- EXERCISE PROMPT
Search the entries below for "ezdxf". Report each line where it occurs.

- PROVIDED RECORDS
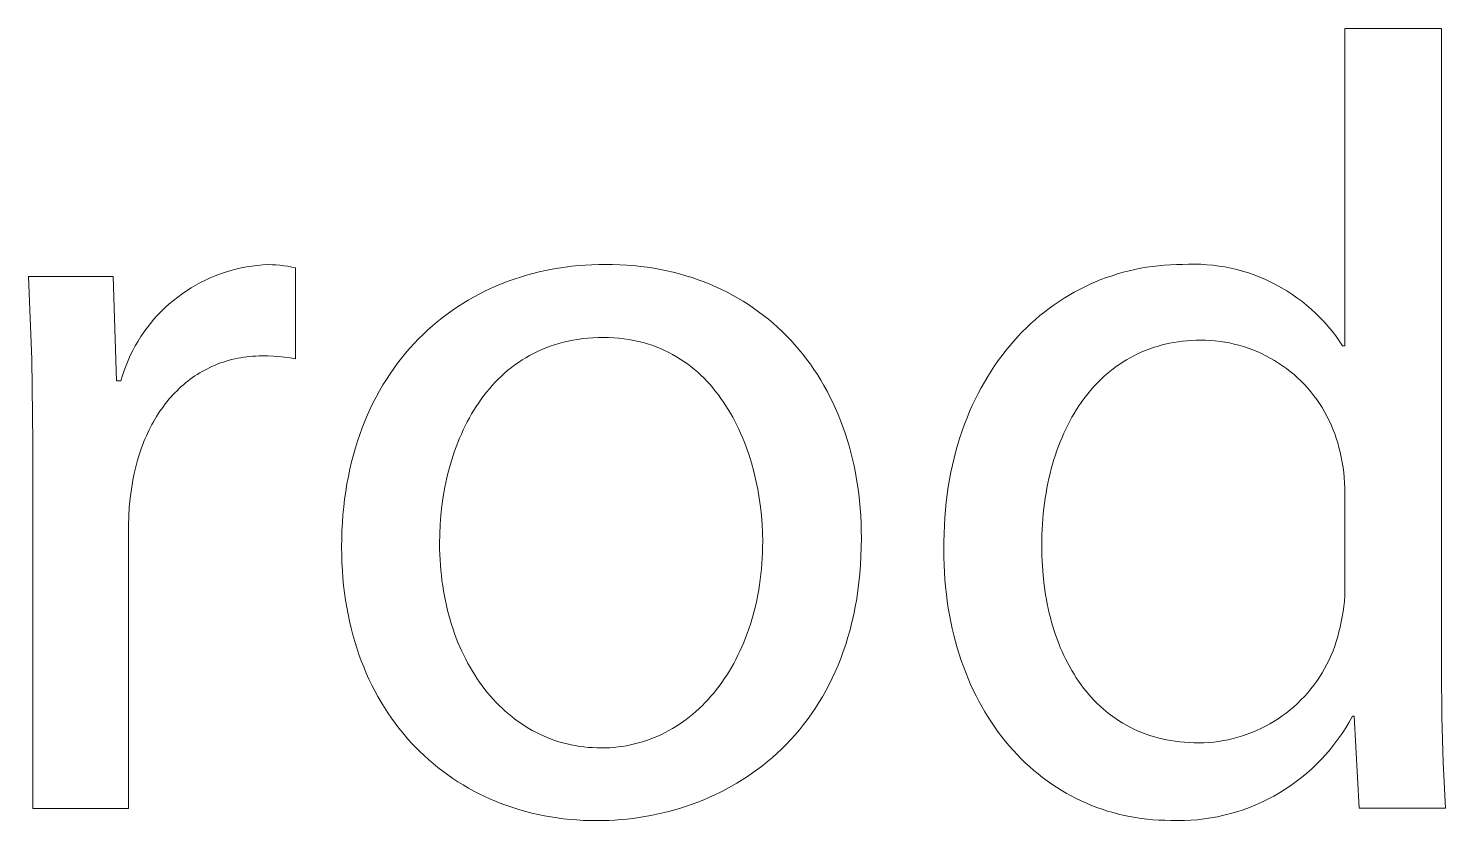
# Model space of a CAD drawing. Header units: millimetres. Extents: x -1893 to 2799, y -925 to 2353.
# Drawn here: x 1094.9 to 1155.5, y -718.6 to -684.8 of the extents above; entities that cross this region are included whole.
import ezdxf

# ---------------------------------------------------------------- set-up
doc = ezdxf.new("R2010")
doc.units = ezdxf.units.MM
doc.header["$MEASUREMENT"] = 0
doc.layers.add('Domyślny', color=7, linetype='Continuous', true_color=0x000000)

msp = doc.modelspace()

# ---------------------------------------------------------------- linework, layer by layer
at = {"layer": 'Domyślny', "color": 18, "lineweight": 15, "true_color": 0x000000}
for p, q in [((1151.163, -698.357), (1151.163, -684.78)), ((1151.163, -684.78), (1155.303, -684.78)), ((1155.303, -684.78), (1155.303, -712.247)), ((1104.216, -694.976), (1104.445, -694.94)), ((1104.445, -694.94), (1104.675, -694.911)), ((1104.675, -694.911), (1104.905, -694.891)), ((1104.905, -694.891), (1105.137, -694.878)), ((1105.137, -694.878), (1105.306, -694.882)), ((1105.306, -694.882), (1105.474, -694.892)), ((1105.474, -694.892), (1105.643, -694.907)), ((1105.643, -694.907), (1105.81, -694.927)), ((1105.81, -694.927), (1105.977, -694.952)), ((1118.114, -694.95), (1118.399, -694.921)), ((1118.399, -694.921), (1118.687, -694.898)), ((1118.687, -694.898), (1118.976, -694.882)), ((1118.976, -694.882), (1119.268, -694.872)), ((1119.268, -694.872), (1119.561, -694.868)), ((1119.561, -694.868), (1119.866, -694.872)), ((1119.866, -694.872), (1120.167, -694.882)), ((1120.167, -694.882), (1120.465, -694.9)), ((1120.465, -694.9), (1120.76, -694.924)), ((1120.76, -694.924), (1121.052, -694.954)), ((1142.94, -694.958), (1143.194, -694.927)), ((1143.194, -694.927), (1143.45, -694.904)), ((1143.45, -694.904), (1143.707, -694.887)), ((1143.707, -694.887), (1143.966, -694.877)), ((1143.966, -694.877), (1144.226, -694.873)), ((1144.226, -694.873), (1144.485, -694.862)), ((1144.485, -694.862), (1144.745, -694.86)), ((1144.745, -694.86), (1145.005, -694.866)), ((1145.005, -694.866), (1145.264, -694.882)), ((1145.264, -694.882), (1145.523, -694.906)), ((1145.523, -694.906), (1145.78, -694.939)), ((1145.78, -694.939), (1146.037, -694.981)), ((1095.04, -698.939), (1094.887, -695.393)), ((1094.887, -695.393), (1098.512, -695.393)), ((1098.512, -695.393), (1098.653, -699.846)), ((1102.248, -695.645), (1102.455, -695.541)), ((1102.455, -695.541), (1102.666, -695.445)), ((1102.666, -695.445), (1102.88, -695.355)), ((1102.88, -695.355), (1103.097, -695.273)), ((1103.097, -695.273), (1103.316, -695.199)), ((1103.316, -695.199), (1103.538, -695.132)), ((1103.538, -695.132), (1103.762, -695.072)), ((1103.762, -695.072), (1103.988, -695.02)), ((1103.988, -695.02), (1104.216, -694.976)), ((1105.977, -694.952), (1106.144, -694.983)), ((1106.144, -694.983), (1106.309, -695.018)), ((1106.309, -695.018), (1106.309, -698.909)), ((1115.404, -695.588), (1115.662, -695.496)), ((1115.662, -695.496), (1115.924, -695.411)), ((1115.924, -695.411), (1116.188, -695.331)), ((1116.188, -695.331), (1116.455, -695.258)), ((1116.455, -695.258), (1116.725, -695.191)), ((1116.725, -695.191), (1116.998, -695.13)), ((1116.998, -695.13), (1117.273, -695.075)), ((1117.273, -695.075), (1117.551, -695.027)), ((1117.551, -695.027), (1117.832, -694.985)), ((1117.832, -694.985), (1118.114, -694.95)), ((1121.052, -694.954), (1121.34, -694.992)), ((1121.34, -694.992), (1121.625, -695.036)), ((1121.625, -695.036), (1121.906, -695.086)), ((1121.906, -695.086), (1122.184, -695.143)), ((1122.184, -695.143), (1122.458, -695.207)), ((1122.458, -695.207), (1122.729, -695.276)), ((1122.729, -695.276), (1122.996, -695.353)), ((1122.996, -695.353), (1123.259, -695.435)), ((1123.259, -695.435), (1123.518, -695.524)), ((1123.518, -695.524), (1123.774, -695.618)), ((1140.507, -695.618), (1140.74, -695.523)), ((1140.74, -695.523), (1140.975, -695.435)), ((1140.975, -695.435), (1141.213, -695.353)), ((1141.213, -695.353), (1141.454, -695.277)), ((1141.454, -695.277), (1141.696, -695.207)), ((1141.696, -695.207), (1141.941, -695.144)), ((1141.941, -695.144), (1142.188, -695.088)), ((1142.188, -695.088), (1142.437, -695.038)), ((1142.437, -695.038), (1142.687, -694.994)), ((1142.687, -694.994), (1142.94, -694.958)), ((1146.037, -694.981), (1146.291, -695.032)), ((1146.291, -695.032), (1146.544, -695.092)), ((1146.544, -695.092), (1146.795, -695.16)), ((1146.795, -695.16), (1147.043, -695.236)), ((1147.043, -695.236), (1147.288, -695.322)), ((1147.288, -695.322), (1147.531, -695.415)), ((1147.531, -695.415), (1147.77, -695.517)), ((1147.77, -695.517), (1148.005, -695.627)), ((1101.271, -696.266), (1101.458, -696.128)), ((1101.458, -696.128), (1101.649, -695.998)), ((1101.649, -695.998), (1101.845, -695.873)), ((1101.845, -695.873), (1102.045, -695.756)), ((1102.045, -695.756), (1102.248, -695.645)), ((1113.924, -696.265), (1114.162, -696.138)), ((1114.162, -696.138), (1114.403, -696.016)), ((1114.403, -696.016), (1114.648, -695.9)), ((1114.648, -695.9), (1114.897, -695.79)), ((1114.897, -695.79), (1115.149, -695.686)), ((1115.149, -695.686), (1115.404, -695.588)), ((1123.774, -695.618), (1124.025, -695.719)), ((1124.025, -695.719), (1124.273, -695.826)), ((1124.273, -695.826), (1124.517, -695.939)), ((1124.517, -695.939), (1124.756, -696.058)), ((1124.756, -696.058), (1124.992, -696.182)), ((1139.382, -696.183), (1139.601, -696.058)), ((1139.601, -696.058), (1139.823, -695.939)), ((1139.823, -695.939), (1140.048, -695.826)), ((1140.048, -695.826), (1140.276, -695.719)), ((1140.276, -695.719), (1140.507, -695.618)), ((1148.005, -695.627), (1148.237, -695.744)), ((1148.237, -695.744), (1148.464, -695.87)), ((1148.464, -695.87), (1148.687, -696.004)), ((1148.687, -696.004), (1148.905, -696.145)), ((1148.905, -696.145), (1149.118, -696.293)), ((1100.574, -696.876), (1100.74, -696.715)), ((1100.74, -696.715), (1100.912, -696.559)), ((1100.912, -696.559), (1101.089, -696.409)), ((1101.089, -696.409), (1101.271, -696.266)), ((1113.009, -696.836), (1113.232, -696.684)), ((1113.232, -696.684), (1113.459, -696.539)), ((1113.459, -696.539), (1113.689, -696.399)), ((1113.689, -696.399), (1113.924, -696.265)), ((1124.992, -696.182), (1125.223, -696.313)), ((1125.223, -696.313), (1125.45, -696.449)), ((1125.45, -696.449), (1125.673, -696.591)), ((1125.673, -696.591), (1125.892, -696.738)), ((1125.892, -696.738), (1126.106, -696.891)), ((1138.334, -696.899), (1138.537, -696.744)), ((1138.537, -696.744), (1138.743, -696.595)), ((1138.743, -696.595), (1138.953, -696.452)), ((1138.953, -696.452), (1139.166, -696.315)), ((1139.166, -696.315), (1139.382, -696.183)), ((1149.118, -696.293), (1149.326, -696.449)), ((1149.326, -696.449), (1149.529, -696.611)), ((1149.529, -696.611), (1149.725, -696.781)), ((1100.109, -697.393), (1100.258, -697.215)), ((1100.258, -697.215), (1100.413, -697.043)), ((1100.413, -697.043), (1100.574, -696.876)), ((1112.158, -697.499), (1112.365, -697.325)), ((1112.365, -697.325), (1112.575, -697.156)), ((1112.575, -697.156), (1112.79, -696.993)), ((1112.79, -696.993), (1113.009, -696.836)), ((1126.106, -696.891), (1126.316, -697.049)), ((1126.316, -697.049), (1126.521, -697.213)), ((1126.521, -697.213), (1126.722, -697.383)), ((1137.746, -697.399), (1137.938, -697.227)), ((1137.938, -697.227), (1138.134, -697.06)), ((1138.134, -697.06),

- RESPONSE TO THE TASK
import ezdxf
doc = ezdxf.new("R2010")
doc.units = ezdxf.units.MM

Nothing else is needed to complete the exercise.